Exercise brief:
Copy out exactly the lines from the first line of the material below through the line containing "settings ModelReferenceCC: EnableRefExpFcnMdlSchedulingChecks=on", and nothing beyond them.

Given information:

--- --- ---

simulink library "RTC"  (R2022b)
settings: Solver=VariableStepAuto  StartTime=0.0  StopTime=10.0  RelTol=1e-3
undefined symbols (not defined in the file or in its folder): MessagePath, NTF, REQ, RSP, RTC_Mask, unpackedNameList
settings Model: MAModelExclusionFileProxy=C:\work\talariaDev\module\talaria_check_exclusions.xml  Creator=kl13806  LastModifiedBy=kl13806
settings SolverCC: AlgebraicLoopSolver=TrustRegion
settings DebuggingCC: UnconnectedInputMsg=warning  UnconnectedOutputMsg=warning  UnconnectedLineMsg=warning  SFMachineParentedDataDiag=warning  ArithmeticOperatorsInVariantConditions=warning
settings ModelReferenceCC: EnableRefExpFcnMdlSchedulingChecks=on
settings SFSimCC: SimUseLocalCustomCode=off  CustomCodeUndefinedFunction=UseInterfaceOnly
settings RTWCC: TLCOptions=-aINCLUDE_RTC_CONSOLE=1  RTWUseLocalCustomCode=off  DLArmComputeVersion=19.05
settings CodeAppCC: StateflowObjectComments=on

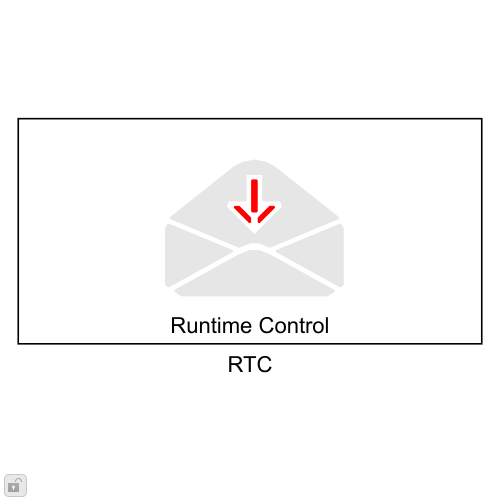
[thumbnail: Simulink's stored preview of the top-level diagram]
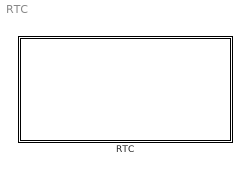
== system RTC ==
  RTC : Subsystem  mask(Talaria RTC Receive){MaskMessageName=, REQ_Priority=RTC_Mask.NormalPriority, RequestAtInit=off, TriggerInit=[-245 -126 -35 -24], EnableRequest=off, REQElemName1=, REQElemType1=uint32, REQElemWidth1=1, REQElemInitial1=[], REQElemName2=, REQElemType2=uint32, REQElemWidth2=1, REQElemInitial2=[], REQElemName3=, REQElemType3=uint32, REQElemWidth3=1, REQElemInitial3=[], REQElemName4=, REQElemType4=uint32, REQElemWidth4=1, REQElemInitial4=[], REQElemName5=, REQElemType5=uint32, REQElemWidth5=1, REQElemInitial5=[], REQElemName6=, REQElemType6=uint32, REQElemWidth6=1, REQElemInitial6=[], REQElemName7=, REQElemType7=uint32, REQElemWidth7=1, REQElemInitial7=[], REQElemName8=, REQElemType8=uint32, REQElemWidth8=1, REQElemInitial8=[], REQElemName9=, REQElemType9=uint32, REQElemWidth9=1, REQElemInitial9=[], REQElemName10=, REQElemType10=uint32, REQElemWidth10=1, REQElemInitial10=[], EnableResponse=off, EnableRSP_StatusIn=off, RSPElemName1=, RSPElemType1=uint32, RSPElemWidth1=1, RSPElemName2=, RSPElemType2=uint32, RSPElemWidth2=1, RSPElemName3=, RSPElemType3=uint32, RSPElemWidth3=1, RSPElemName4=, RSPElemType4=uint32, RSPElemWidth4=1, RSPElemName5=, RSPElemType5=uint32, RSPElemWidth5=1, RSPElemName6=, RSPElemType6=uint32, RSPElemWidth6=1, RSPElemName7=, RSPElemType7=uint32, RSPElemWidth7=1, RSPElemName8=, RSPElemType8=uint32, RSPElemWidth8=1, RSPElemName9=, RSPElemType9=uint32, RSPElemWidth9=1, RSPElemName10=, RSPElemType10=uint32, RSPElemWidth10=1, EnableNotification=off, EnableNTF_PrepTrig=off, NTFElemName1=, NTFElemType1=uint32, NTFElemWidth1=1, NTFElemName2=, NTFElemType2=uint32, NTFElemWidth2=1, NTFElemName3=, NTFElemType3=uint32, NTFElemWidth3=1, NTFElemName4=, NTFElemType4=uint32, NTFElemWidth4=1, NTFElemName5=, NTFElemType5=uint32, NTFElemWidth5=1, NTFElemName6=, NTFElemType6=uint32, NTFElemWidth6=1, NTFElemName7=, NTFElemType7=uint32, NTFElemWidth7=1, NTFElemName8=, NTFElemType8=uint32, NTFElemWidth8=1, NTFElemName9=, NTFElemType9=uint32, NTFElemWidth9=1, NTFElemName10=, NTFElemType10=uint32, NTFElemWidth10=1}
      mask prompts: MaskMessageName "Message name"; REQ_Priority "Priority (0=normal, 1=high)"; RequestAtInit "Trigger request handler during initialization."; TriggerInit "(non-visible trigger param)"; EnableRequest "Output Request/Response function trigger"; EnableResponse "Generate Response Payload"; EnableRSP_StatusIn "Input a status code"; EnableNotification "(Reponse payload must be enabled to allow notifications)"; EnableNTF_PrepTrig "Output NTF prep trigger"
      mask help: This block receives control messages at runtime that inject dynamic configuration settings into the model. Typically the control messages originate from an external source such as a volume knob, a vehicle network signal, or a microcontroller diagnostic control.
      mask init:
      | % Bit-masks for debug printfs. (e.g. bit 0x8 is to debug simulation)
      | DbgTriggerREQRSP = hex2dec('0');
      | DbgTriggerNTF    = hex2dec('0');
      | DebugBytePackREQ = hex2dec('0');
      | DebugBytePackRSP = hex2dec('0');
      | DebugBytePackNTF = hex2dec('0');
      | rtcH = gcbh;
      | 
      | % Register and pull out the parts of our various payloads
      | [ok,okToWire,MessagePath,REQ,RSP,NTF,indirectAddressing,payloadMetaHash] = ...
      |    RTC_Mask.InitPayloadDefinitions(rtcH);
      | 
      | if (okToWire)
      |    RTC_Mask.InitWireSystem(rtcH,MessagePath,REQ,RSP,NTF);
      | end
      | 
      | coreIndex = CoreIndexMask.GetCoreIndex(rtcH);
      | 
      | % Share our description with sub blocks (RTC REQ RSP trigger)
      | Description = get_param(rtcH,'Description');
      settings: MoveFcn=RTC_Mask.CB_TriggerInit(gcbh);
      mask Help:
      | The RTC Receive block provides Run Time Control of algorithms similar to the "UserControlCode" mechanism present in hand written systems. RTC services offer a protocol of communication that includes a request, a response, and an optional notification. The RTC block mask parameters specify the content of the payload for each of these types of message. Open the mask parameters to add elements to the various payload types and specify whether or not a notification payload is generated for this block.
      | 
      | <u>Message Payloads:</u>
      | The Request, or "<b>REQ</b>" : the request message originates from control logic (e.g. a microcontroller). Add elements to the request payload similar to the arguments of a function call. For example, a target gain level and a ramp time would make appropriate REQ signals to request a volume change. The RTC block provides a function trigger output signal useful to trigger any logic required to interpret the request payload and kick off actions.
      | 
      | The Response, or "<b>RSP</b>" : the response message returns at once from the algorithm to confirm receipt of the request. The You may add signals to the response message payload as well if there are properties immediately available at the time of the request. The same function trigger used to receive the request can be used to calculate or acquire signals for the response payload. Perhaps the RTC block's "REQ_trigger" output should really be named the "REQ_RSP_trigger". For example, a current gain level would make an appropriate RSP signal to a request to get the current gain level.
      | If a response is defined for a block, then its request payload automatically includes a caller handle used to match responses (and notifications) to their original request. The caller handle is not used by the algorithmic logic, so it never appears as a signal coming out of the RTC block. However, simulated request payloads (see below) must also include a caller handle.
      | 
      | The Notification,  or "<b>NTF</b>" : the notification message is optionally enabled for each RTC service. When enabled, the algorithm is able to send a follow up response to a request some time later. For example, a notification message could be sent once a gain change request has finally reached the target gain after several milliseconds. Note that even when notifications are enabled for an RTC service, not *every* request is gauranteed to receive a notification. Consider a fast series of the same request received in succession by the algorithm.  The earlier requests may be prevented from completing their task and emitting a notification because subsequent requests have changed the target. Depending on an algorithm's implementation, only requests that are allowed to finish their task uninterrupted will be able to emit a notification.
      | 
      | <u>Simulated Requests and Simulation:</u>
      | The RTC_SimData class collaborates with RTC blocks during simulation to simlate transfer of RTC message payloads. RTC blocks look for a global instance of RTC_SimData called "RTC_SIM_OBJ" during simulation. The IntFcn callback at the model level is a recommended place to load simulated RTC messages (e.g. via invocation of a script). Here's an example script that sets up two simulated RTC events:
      | 	RTC_SIM_OBJ = RTC_SimData(10);			% pre-allocate for 10 messages
      | 	RTC_SIM_OBJ.AddREQ( 'Preamp_SetVolume', 0.5, [451 255, 1000 0]);	% at simulation time 0.5, make a request (with a caller handle of '451') to set the volume to index 255 with ramp arguments of 1000 and 0.
      | 	RTC_SIM_OBJ.AddREQ( 'Preamp_SetMute', 2, [23 1]);	% mute everything 2 seconds into the simulation (caller handle is '23')
      | 
      | Simulated RTC payloads are fed from a simple single array of numeric values as shown above. Any RTC payload elements with a width greater than one will just claim more values from the array. In other words, if an RTC message has a payload with scalar first element and a second vector element of width 2, the simulated payload should be an array of length 3.
      | 
      | After simulation completes, open up the RTC_SimData object (i.e. 'open RTC_SIM_OBJ') to investigate the simulated response and notification messages.
      | 
      | <u>Advanced Settings</u>
      | <b>Priority</b> supports either high or low priority as represented by a bit embedded into the message token generated for each RTC service. The intent is that during platform integration, high priority RTC requests could be handled by a higher priority thread. This capability relies on support from platform integration. Please note that high priority requests should *not* attempt to return a notification due to race conditions since there is no high-priority notification service. High priority RTC messages are best for streaming periodic signals like vehicle engine speed - low latency simple data with no significant processing upon receipt.
      | 
      | <b>Trigger request handler during initialization</b> when selected will execute the RTC request trigger whenever the RTC block is enabled. This happens at startup or anytime the containing subsystem is enabled if part of an enabled subsystem. The request payload values that are used during this enable execution are power-on defaults or the last-received request from control code. Please note a high likelihood of hard-to-detect failure if the logic triggered by the RTC request includes blocks which themselves include data initialization. For instance, a MATLAB function block with persistent data that is triggered by request will likely initialize the persistent data AFTER the RTC handler is called at initialization. Behavior is different here between code generation and model simulation. Similarly, if any signals fed to the triggered logic are "live" signals that change or buffers that support reuse, then the data present during initiation handling will be unreliable. TOP inputs are safe for code generation. Using TOP inputs in a "source model" will only receive valid TOPs on the SECOND simulation since TuneVar->TOP translations are run after initialization during the start of simulation.
      mask Callback TriggerInit: RTC_Mask.CB_TriggerInit(gcbh);
      mask Callback EnableRequest: RTC_Mask.CB_EnableRequest(gcbh);
      mask Callback REQElemName1: RTC_Mask.CB_ElemName(gcbh,'REQ','1');
      mask TypeOptions REQElemType1: double | single | int8 | uint8 | int16 | uint16 | int32 | uint32 | boolean
      mask Callback REQElemWidth1: RTC_Mask.CB_ElemWidth(gcbh,'REQ','1');
      mask Callback REQElemInitial1: RTC_Mask.CB_ElemInitial(gcbh,'REQ','1');
      mask Callback REQElemName2: RTC_Mask.CB_ElemName(gcbh,'REQ','2');
      mask TypeOptions REQElemType2: double | single | int8 | uint8 | int16 | uint16 | int32 | uint32 | boolean
      mask Callback REQElemWidth2: RTC_Mask.CB_ElemWidth(gcbh,'REQ','2');
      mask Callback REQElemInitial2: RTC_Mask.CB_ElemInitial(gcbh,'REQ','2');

--- --- ---

Expected answer:
simulink library "RTC"  (R2022b)
settings: Solver=VariableStepAuto  StartTime=0.0  StopTime=10.0  RelTol=1e-3
undefined symbols (not defined in the file or in its folder): MessagePath, NTF, REQ, RSP, RTC_Mask, unpackedNameList
settings Model: MAModelExclusionFileProxy=C:\work\talariaDev\module\talaria_check_exclusions.xml  Creator=kl13806  LastModifiedBy=kl13806
settings SolverCC: AlgebraicLoopSolver=TrustRegion
settings DebuggingCC: UnconnectedInputMsg=warning  UnconnectedOutputMsg=warning  UnconnectedLineMsg=warning  SFMachineParentedDataDiag=warning  ArithmeticOperatorsInVariantConditions=warning
settings ModelReferenceCC: EnableRefExpFcnMdlSchedulingChecks=on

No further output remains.